Cohort Tracking and Time Series Analysis

Challenge: Sophisticated cohort tracking and time series analysis is difficult

Colleges are being called upon to conduct more sophisticated analyses than ever, including comparing and tracking student cohorts.  However, rarely are the data needed to conduct such analyses available within the college’s data systems.  As a result, it is up to Institutional Research staff to generate their own calculated variables, a difficult and time-consuming task with a high potential for error.  In addition,  BI tools are not designed for time-series analyses, forcing IR/IT to do a lot of data prep and still ending up with a report that is largely static.

For example, here are some challenging time-series questions:

  • Once a student passes class X, what is the probability that he/she will graduate in 3 more years? (i.e. to identify gatekeeper classes)

  • Once a student enrolls in class X, how long does it take him/her to pass it?
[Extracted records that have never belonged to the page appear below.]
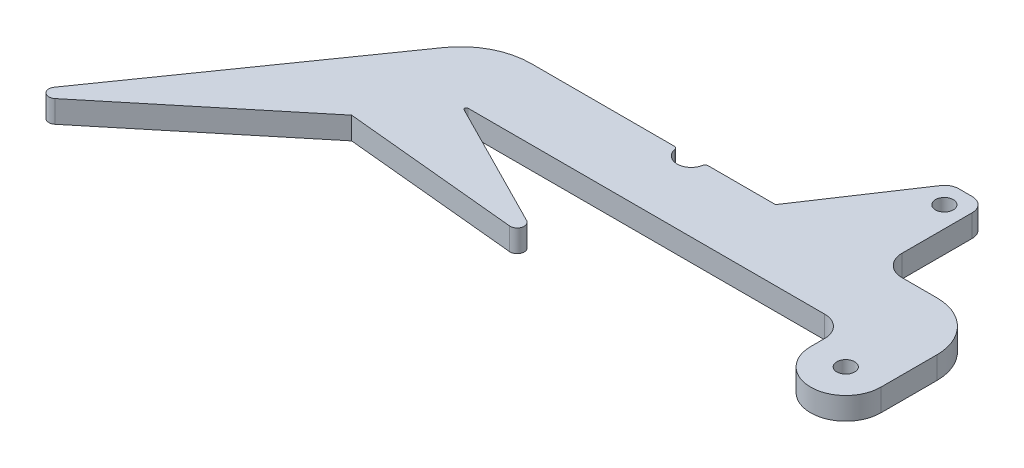
ISO-10303-21;
HEADER;
FILE_DESCRIPTION(('STEP AP214'),'2;1');
FILE_NAME('part.step','',(''),(''),'','','');
FILE_SCHEMA(('AUTOMOTIVE_DESIGN { 1 0 10303 214 1 1 1 1 }'));
ENDSEC;
DATA;
#1=APPLICATION_CONTEXT('core data for automotive mechanical design processes');
#2=APPLICATION_PROTOCOL_DEFINITION('international standard','automotive_design',2000,#1);
#3=PRODUCT_CONTEXT('',#1,'mechanical');
#4=PRODUCT('Part','Part','',(#3));
#5=PRODUCT_RELATED_PRODUCT_CATEGORY('part','',(#4));
#6=PRODUCT_DEFINITION_FORMATION('','',#4);
#7=PRODUCT_DEFINITION_CONTEXT('part definition',#1,'design');
#8=PRODUCT_DEFINITION('design','',#6,#7);
#9=PRODUCT_DEFINITION_SHAPE('','',#8);
#10=(LENGTH_UNIT() NAMED_UNIT(*) SI_UNIT(.MILLI.,.METRE.));
#11=(NAMED_UNIT(*) PLANE_ANGLE_UNIT() SI_UNIT($,.RADIAN.));
#12=(NAMED_UNIT(*) SI_UNIT($,.STERADIAN.) SOLID_ANGLE_UNIT());
#13=UNCERTAINTY_MEASURE_WITH_UNIT(LENGTH_MEASURE(1.E-05),#10,'distance_accuracy_value','');
#14=(GEOMETRIC_REPRESENTATION_CONTEXT(3) GLOBAL_UNCERTAINTY_ASSIGNED_CONTEXT((#13)) GLOBAL_UNIT_ASSIGNED_CONTEXT((#10,
#11,#12)) REPRESENTATION_CONTEXT('',''));
#15=CARTESIAN_POINT('',(0.,0.,0.));
#16=DIRECTION('',(0.,0.,1.));
#17=DIRECTION('',(1.,0.,0.));
#18=AXIS2_PLACEMENT_3D('',#15,#16,#17);
#19=CARTESIAN_POINT('',(-30.,3.175,0.));
#20=DIRECTION('',(0.,0.,1.));
#21=DIRECTION('',(1.,0.,0.));
#22=AXIS2_PLACEMENT_3D('',#19,#20,#21);
#23=PLANE('',#22);
#24=DIRECTION('',(-1.,0.,0.));
#25=VECTOR('',#24,1.);
#26=CARTESIAN_POINT('',(-30.,0.,0.));
#27=LINE('',#26,#25);
#28=CARTESIAN_POINT('',(-30.,0.,0.));
#29=VERTEX_POINT('',#28);
#30=CARTESIAN_POINT('',(-39.5505102572168,0.,0.));
#31=VERTEX_POINT('',#30);
#32=EDGE_CURVE('E413',#29,#31,#27,.T.);
#33=ORIENTED_EDGE('',*,*,#32,.T.);
#34=DIRECTION('',(0.,1.,0.));
#35=VECTOR('',#34,1.);
#36=CARTESIAN_POINT('',(-39.5505102572168,3.175,0.));
#37=LINE('',#36,#35);
#38=CARTESIAN_POINT('',(-39.5505102572168,3.175,0.));
#39=VERTEX_POINT('',#38);
#40=EDGE_CURVE('E218',#31,#39,#37,.T.);
#41=ORIENTED_EDGE('',*,*,#40,.T.);
#42=DIRECTION('',(-1.,0.,0.));
#43=VECTOR('',#42,1.);
#44=CARTESIAN_POINT('',(-30.,3.175,0.));
#45=LINE('',#44,#43);
#46=CARTESIAN_POINT('',(-30.,3.175,0.));
#47=VERTEX_POINT('',#46);
#48=EDGE_CURVE('E211',#47,#39,#45,.T.);
#49=ORIENTED_EDGE('',*,*,#48,.F.);
#50=DIRECTION('',(0.,-1.,0.));
#51=VECTOR('',#50,1.);
#52=CARTESIAN_POINT('',(-30.,3.175,0.));
#53=LINE('',#52,#51);
#54=EDGE_CURVE('E215',#47,#29,#53,.T.);
#55=ORIENTED_EDGE('',*,*,#54,.T.);
#56=EDGE_LOOP('',(#33,#41,#49,#55));
#57=FACE_BOUND('',#56,.T.);
#58=ADVANCED_FACE('F37',(#57),#23,.F.);
#59=CARTESIAN_POINT('',(-30.,3.175,0.));
#60=DIRECTION('',(0.832050294337844,0.,0.554700196225229));
#61=DIRECTION('',(0.554700196225229,0.,-0.832050294337844));
#62=AXIS2_PLACEMENT_3D('',#59,#60,#61);
#63=PLANE('',#62);
#64=DIRECTION('',(-0.554700196225229,0.,0.832050294337844));
#65=VECTOR('',#64,1.);
#66=CARTESIAN_POINT('',(-30.,0.,0.));
#67=LINE('',#66,#65);
#68=CARTESIAN_POINT('',(-20.5937330716997,0.,-14.1094003924505));
#69=VERTEX_POINT('',#68);
#70=EDGE_CURVE('E237',#69,#29,#67,.T.);
#71=ORIENTED_EDGE('',*,*,#70,.T.);
#72=ORIENTED_EDGE('',*,*,#54,.F.);
#73=DIRECTION('',(-0.554700196225229,0.,0.832050294337844));
#74=VECTOR('',#73,1.);
#75=CARTESIAN_POINT('',(-30.,3.175,0.));
#76=LINE('',#75,#74);
#77=CARTESIAN_POINT('',(-20.5937330716997,3.175,-14.1094003924505));
#78=VERTEX_POINT('',#77);
#79=EDGE_CURVE('E224',#78,#47,#76,.T.);
#80=ORIENTED_EDGE('',*,*,#79,.F.);
#81=DIRECTION('',(0.,-1.,0.));
#82=VECTOR('',#81,1.);
#83=CARTESIAN_POINT('',(-20.5937330716997,3.175,-14.1094003924505));
#84=LINE('',#83,#82);
#85=EDGE_CURVE('E326',#78,#69,#84,.T.);
#86=ORIENTED_EDGE('',*,*,#85,.T.);
#87=EDGE_LOOP('',(#71,#72,#80,#86));
#88=FACE_BOUND('',#87,.T.);
#89=ADVANCED_FACE('F235',(#88),#63,.F.);
#90=CARTESIAN_POINT('',(-44.4494897427832,3.175,0.));
#91=VERTEX_POINT('',#90);
#92=CARTESIAN_POINT('',(-64.7943294944825,3.175,0.));
#93=VERTEX_POINT('',#92);
#94=EDGE_CURVE('E221',#91,#93,#45,.T.);
#95=ORIENTED_EDGE('',*,*,#94,.F.);
#96=DIRECTION('',(0.,1.,0.));
#97=VECTOR('',#96,1.);
#98=CARTESIAN_POINT('',(-44.4494897427832,3.175,0.));
#99=LINE('',#98,#97);
#100=CARTESIAN_POINT('',(-44.4494897427832,0.,0.));
#101=VERTEX_POINT('',#100);
#102=EDGE_CURVE('E288',#91,#101,#99,.F.);
#103=ORIENTED_EDGE('',*,*,#102,.T.);
#104=CARTESIAN_POINT('',(-64.7943294944825,0.,0.));
#105=VERTEX_POINT('',#104);
#106=EDGE_CURVE('E411',#101,#105,#27,.T.);
#107=ORIENTED_EDGE('',*,*,#106,.T.);
#108=DIRECTION('',(0.,-1.,0.));
#109=VECTOR('',#108,1.);
#110=CARTESIAN_POINT('',(-64.7943294944825,3.175,0.));
#111=LINE('',#110,#109);
#112=EDGE_CURVE('E251',#105,#93,#111,.F.);
#113=ORIENTED_EDGE('',*,*,#112,.T.);
#114=EDGE_LOOP('',(#95,#103,#107,#113));
#115=FACE_BOUND('',#114,.T.);
#116=ADVANCED_FACE('F480',(#115),#23,.F.);
#117=CARTESIAN_POINT('',(-70.,3.175,0.));
#118=DIRECTION('',(0.819152044288993,0.,0.573576436351044));
#119=DIRECTION('',(0.573576436351044,0.,-0.819152044288994));
#120=AXIS2_PLACEMENT_3D('',#117,#118,#119);
#121=PLANE('',#120);
#122=DIRECTION('',(-0.573576436351044,0.,0.819152044288993));
#123=VECTOR('',#122,1.);
#124=CARTESIAN_POINT('',(-70.,3.175,0.));
#125=LINE('',#124,#123);
#126=CARTESIAN_POINT('',(-72.9858499373725,3.175,4.26423563648957));
#127=VERTEX_POINT('',#126);
#128=CARTESIAN_POINT('',(-95.810939635797,3.175,36.8618419930047));
#129=VERTEX_POINT('',#128);
#130=EDGE_CURVE('E220',#127,#129,#125,.T.);
#131=ORIENTED_EDGE('',*,*,#130,.F.);
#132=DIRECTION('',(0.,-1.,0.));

How long before he/she will enroll in/pass the subsequent class?

  • What percentage of students in a particular cohort (academic program, gender, ethnicity) graduated within 8 terms of enrolling?

In response, ZogoTech has created a data model as well as a number of front-end tools that make it easy to do sophisticated time-series analyses.

Example

Let’s dig deeper into one example:  identifying the most important gatekeeper class.  One way to approach this is to ask “What is the likelihood that students will graduate within n terms of completing each of the biggest gateway courses (English Composition, History, College-Level Algebra)?” Cohort comparisons such as these are difficult because students complete the course in different semesters.  Here are some of the steps needed:

  1. Get a list of all students who ever completed English 1301 (or perhaps limit it to those who completed in particular terms or those who had certain characteristics)

  2. Decide whether to use the first time or last time the student completed the course since students could have finished the course multiple times

  3. Calculate the number of terms from the term the student completed the course to the term when the student graduated

  4. Decide whether to use the first or last time the student graduated since students could graduate multiple times.

  5. Decide whether to look at just the terms the student was enrolled, whether to count intervening terms, and whether to just look at long terms (i.e., Spring and Fall)

  6. Update a field indicating the number of terms calculated in #3

  7. Repeat all steps for all students who ever completed History 1301

  8. Repeat all steps for all students who ever completed Math 1314

Not only would it be difficult to write this report by hand, but it would also be largely static. If you wanted to use a different cohort, choose different classes, change the decisions you made, you would need to re-do the entire process. If you wanted to look at other outcomes such as transfer, you would need to add additional steps to parse and integrate the NSC files.  You would have to take into account students who reverse transfer, swirl, etc.

Solution: Data platform and applications

With the ZogoTech data platform and front-end tools, it’s easy to run all of these analyses in just a few minutes.

ZogoTech’s data platform includes multiple cohort definitions (e.g., FTIC, IPEDS, starting, ending).  The Student Navigator allows end-users to track any arbitrary group of students.  For example, students could be grouped and tracked based on certain criteria (e.g. any students who are taking both MATH-1314 and ENGL-1301 at the same time) or can be arbitrary lists of students who don’t fit any criteria stored in the SIS (e.g. a list of students in an Excel spreadsheet who signed in at a success skills workshop).  Users can compare groups that receive an intervention to those that have not, and further disaggregate by dozens of variables such as gender, ethnicity, high school attended, classes attended, etc.

Outcomes are very flexible as well.  The analytics platform computes outcomes such as performance-based funding momentum points, integrates NSC files for transfer outcomes, integrates degree audit information for progression outcomes.

Completion Point Reporting

For more sophisticated cohort analysis, ZogoTech has developed a powerful tool for calculating conditional probabilities and time-series analyses. 

Time to degree by cohort

Comparing cohorts can be very difficult without the appropriate transformations in the data warehouse. An important transformation shown in the example above is the Term Index: the number of terms relative to the student’s starting cohort. This chart shows the Associate Degree graduation rate over time comparing students who started in each of three fall semesters. After 10 terms, the 2002FA cohort graduated the largest number of students.

Users can easily modify these reports.  For example, users can select any starting point (starting cohort, obtained a certain number of hours) or any ending point (graduated, transferred, completed a certain class). This allows users to answer questions like “once a student has 15 hours how long does it take to reach 45 hours?  and what’s the probability of that happening?”  Terms can be measured in Elapsed / Enrolled terms, or Long / Short terms (i.e. include summers).   Users can combine modules to pick out arbitrary groups of students using the Student Navigator and then track them using Completing Point reporting.

The following example shows how long it took students to graduate once they had completed each of 3 courses: college-level English, college-level math, or history.  Easily we can see that College Level Algebra (Math-1314 in green) is by far the biggest gatekeeper course.

We see that approximately 20% of students will graduate within 6 terms of completing College Level Algebra.  The chart shows over time that not only is Math 1314 the biggest gateway course, it is as big as both of the others combined.